> What this task involves
The lines to reproduce from the material below are those from the one containing "## Components (15 placed, 6 different names)" through the one containing "9. Entretoises 50mm:2", both included; write them out exactly and add nothing.

=== The data ===

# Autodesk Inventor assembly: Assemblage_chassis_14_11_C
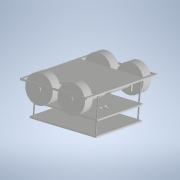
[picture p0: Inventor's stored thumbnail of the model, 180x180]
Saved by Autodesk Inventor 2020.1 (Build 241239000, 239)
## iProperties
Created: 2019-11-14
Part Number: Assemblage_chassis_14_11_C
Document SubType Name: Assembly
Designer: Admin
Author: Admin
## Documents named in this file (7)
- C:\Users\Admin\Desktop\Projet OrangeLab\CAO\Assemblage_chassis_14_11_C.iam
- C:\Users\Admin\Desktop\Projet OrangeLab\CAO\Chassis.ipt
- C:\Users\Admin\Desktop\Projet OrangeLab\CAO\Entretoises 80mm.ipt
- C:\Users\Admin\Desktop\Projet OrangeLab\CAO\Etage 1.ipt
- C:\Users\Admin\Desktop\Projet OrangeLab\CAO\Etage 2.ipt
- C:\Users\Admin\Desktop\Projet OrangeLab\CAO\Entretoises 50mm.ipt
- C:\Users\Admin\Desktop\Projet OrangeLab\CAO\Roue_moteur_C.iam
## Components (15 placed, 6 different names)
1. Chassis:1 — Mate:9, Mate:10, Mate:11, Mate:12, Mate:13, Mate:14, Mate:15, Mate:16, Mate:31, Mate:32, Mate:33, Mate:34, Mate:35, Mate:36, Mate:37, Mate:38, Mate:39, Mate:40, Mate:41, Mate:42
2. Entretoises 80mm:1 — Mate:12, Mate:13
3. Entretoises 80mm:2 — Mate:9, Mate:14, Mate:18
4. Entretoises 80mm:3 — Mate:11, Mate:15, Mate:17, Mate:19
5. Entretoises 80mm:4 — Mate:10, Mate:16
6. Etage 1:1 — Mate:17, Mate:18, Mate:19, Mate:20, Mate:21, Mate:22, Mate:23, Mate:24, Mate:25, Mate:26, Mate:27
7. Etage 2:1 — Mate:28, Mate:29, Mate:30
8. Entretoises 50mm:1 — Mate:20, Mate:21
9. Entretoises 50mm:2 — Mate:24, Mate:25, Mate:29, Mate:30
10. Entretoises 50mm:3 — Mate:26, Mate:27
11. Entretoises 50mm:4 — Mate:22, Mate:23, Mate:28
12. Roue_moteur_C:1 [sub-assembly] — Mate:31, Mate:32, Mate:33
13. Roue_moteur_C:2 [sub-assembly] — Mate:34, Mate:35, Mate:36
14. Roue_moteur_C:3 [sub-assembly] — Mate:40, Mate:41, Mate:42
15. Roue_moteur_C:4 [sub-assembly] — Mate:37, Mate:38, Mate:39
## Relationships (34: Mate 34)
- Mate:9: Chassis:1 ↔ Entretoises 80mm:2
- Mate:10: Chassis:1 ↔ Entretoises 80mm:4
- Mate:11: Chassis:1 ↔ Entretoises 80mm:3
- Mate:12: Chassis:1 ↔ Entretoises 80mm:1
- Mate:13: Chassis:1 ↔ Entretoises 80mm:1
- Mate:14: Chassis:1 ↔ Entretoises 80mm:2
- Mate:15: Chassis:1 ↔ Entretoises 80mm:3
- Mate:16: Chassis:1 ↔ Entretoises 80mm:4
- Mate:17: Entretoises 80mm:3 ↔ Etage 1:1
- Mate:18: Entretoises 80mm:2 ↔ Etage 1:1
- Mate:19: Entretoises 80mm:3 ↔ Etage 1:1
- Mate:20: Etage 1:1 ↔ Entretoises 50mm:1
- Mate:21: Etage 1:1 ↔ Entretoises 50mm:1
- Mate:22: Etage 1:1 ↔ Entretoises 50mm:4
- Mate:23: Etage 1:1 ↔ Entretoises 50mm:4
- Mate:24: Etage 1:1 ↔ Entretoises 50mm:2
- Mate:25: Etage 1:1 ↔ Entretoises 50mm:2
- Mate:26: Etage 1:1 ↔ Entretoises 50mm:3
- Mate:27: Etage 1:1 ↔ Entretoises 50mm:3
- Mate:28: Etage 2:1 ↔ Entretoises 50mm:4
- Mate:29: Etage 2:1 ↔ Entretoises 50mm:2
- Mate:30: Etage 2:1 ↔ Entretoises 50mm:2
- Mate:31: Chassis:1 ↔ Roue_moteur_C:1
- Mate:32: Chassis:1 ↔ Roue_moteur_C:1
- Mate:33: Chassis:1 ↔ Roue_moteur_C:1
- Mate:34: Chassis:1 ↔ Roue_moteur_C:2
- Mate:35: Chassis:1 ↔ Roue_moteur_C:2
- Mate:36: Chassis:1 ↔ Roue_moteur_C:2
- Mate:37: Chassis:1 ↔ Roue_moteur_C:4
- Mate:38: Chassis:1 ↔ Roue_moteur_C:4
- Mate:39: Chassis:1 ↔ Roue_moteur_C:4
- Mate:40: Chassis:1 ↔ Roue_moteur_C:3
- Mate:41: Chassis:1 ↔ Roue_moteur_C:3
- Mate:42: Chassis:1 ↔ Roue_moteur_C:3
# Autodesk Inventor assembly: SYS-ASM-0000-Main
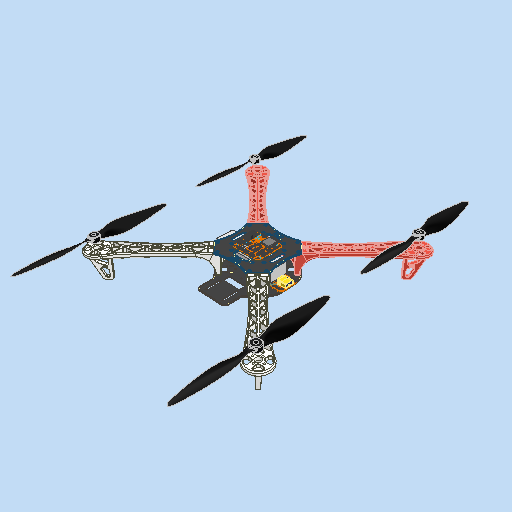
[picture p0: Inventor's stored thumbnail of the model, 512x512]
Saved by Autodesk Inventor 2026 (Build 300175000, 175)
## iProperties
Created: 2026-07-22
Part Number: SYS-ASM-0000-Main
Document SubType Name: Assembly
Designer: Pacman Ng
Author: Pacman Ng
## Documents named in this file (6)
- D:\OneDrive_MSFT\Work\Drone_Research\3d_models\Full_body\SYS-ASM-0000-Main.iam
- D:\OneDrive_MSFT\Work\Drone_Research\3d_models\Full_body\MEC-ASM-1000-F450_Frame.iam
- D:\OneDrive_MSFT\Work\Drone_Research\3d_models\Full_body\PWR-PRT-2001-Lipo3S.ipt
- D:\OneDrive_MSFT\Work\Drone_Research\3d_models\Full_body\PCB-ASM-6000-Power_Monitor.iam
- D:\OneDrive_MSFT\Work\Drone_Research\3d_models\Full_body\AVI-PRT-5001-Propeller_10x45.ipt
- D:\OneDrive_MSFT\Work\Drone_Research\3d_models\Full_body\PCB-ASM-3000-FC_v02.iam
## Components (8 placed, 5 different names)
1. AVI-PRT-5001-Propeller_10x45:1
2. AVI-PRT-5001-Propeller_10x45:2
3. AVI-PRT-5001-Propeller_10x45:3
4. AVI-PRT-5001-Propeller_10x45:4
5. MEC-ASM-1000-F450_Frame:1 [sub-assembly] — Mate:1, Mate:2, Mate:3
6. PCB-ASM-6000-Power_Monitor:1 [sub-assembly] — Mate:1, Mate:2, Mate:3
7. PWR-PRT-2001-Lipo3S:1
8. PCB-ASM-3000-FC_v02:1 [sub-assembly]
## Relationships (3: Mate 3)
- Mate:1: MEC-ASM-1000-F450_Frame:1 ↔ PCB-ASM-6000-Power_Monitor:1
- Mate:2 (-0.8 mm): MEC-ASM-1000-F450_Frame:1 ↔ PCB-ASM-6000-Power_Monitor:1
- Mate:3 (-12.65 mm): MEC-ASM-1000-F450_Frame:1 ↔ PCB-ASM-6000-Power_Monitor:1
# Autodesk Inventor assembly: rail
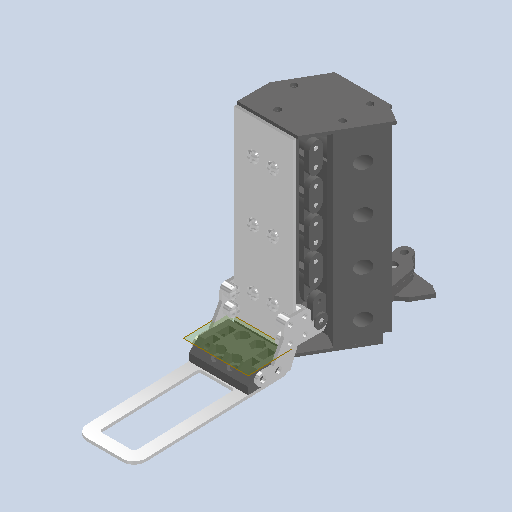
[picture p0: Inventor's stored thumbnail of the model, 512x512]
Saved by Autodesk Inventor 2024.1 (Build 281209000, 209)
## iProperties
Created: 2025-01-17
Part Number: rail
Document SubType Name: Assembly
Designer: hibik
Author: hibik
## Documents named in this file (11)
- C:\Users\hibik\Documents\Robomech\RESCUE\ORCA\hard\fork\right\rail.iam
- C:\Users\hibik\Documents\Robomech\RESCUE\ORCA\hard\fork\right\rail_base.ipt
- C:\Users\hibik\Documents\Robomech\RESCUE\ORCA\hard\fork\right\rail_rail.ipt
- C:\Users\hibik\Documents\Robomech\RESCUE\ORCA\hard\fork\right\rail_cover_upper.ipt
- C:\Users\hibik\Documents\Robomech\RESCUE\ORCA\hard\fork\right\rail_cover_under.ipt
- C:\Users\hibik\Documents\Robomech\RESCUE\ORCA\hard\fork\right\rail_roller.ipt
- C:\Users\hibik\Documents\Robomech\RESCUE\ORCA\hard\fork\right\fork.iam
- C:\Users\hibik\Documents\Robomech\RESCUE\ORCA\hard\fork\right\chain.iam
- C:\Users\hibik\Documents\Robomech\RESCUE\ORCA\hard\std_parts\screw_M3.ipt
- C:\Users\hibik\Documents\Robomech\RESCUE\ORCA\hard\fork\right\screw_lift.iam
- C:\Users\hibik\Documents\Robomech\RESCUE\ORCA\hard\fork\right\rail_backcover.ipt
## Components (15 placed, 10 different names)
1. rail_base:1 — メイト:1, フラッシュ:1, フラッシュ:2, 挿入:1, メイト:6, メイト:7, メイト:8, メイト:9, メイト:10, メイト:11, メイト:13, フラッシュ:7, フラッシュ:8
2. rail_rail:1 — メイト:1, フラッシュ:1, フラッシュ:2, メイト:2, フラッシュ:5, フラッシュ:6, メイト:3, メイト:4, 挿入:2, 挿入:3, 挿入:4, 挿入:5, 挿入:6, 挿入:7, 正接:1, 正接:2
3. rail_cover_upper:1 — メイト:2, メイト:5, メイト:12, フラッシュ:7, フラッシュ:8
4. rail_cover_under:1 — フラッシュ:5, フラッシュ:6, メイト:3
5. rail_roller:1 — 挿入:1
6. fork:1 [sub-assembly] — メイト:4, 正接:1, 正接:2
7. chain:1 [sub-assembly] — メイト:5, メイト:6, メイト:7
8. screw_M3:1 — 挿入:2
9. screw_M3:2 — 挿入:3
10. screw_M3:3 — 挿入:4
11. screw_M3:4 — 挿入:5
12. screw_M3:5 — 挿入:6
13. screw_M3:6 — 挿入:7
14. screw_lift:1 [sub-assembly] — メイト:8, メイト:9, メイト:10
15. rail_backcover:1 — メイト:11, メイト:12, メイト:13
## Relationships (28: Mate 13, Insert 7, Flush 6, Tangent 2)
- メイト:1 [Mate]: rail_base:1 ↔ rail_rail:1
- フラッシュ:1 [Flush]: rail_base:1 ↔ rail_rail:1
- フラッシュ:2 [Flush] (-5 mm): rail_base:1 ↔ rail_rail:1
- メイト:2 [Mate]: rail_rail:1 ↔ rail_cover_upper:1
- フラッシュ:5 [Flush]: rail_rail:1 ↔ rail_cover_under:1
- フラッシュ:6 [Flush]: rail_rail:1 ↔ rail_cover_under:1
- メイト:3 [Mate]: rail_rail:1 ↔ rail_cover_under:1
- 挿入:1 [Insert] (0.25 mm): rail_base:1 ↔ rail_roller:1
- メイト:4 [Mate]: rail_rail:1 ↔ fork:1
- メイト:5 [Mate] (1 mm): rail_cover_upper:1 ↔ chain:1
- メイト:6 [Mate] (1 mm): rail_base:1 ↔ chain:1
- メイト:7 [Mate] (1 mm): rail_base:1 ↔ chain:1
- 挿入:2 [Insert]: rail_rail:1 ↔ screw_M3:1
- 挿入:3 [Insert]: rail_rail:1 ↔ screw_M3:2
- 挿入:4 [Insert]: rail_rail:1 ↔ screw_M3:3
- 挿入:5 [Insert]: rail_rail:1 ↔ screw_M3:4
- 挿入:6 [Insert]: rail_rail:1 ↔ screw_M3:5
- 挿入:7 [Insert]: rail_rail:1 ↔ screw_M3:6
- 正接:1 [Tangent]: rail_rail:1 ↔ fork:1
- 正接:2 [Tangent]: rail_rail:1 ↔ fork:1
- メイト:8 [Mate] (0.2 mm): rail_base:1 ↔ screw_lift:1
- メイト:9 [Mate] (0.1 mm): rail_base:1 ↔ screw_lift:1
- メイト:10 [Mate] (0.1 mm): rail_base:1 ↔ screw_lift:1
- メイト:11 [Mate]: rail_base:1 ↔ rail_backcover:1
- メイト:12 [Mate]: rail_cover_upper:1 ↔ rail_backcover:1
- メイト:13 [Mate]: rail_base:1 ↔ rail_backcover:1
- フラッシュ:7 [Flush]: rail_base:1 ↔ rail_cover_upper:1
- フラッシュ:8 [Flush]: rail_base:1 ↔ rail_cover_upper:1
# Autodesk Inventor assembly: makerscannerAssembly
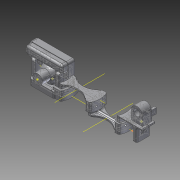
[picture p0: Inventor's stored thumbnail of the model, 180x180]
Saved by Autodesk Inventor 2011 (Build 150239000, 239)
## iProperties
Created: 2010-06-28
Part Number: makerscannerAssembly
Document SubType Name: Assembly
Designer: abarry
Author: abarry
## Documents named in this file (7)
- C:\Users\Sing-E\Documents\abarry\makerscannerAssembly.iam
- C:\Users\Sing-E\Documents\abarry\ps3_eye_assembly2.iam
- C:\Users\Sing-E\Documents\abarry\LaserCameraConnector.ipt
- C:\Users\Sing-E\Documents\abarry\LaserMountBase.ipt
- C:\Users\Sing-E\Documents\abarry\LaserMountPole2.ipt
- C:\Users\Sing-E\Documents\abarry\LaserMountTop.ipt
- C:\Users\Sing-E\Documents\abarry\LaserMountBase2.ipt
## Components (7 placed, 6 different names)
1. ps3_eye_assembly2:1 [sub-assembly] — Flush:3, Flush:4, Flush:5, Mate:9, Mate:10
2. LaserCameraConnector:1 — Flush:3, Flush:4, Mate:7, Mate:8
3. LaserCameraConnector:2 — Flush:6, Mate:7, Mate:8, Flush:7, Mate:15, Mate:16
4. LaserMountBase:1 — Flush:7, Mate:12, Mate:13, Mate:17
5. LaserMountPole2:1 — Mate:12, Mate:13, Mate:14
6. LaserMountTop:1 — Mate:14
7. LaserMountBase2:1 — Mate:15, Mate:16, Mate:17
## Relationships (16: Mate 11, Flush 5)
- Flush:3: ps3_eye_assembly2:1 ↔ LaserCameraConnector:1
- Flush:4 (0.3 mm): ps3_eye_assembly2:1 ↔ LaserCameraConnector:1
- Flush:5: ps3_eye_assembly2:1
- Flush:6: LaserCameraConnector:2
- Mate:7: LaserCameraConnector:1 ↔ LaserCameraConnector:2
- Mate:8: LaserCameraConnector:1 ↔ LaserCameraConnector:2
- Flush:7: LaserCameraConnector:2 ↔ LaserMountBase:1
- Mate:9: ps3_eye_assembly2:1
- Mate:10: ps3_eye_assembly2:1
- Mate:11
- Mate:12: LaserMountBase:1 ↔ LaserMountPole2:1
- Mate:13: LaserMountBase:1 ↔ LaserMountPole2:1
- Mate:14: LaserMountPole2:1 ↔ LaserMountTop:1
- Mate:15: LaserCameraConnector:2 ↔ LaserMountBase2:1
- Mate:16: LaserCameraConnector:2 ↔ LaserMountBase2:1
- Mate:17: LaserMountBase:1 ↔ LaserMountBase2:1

===

> Result of the exercise
## Components (15 placed, 6 different names)
1. Chassis:1 — Mate:9, Mate:10, Mate:11, Mate:12, Mate:13, Mate:14, Mate:15, Mate:16, Mate:31, Mate:32, Mate:33, Mate:34, Mate:35, Mate:36, Mate:37, Mate:38, Mate:39, Mate:40, Mate:41, Mate:42
2. Entretoises 80mm:1 — Mate:12, Mate:13
3. Entretoises 80mm:2 — Mate:9, Mate:14, Mate:18
4. Entretoises 80mm:3 — Mate:11, Mate:15, Mate:17, Mate:19
5. Entretoises 80mm:4 — Mate:10, Mate:16
6. Etage 1:1 — Mate:17, Mate:18, Mate:19, Mate:20, Mate:21, Mate:22, Mate:23, Mate:24, Mate:25, Mate:26, Mate:27
7. Etage 2:1 — Mate:28, Mate:29, Mate:30
8. Entretoises 50mm:1 — Mate:20, Mate:21
9. Entretoises 50mm:2 — Mate:24, Mate:25, Mate:29, Mate:30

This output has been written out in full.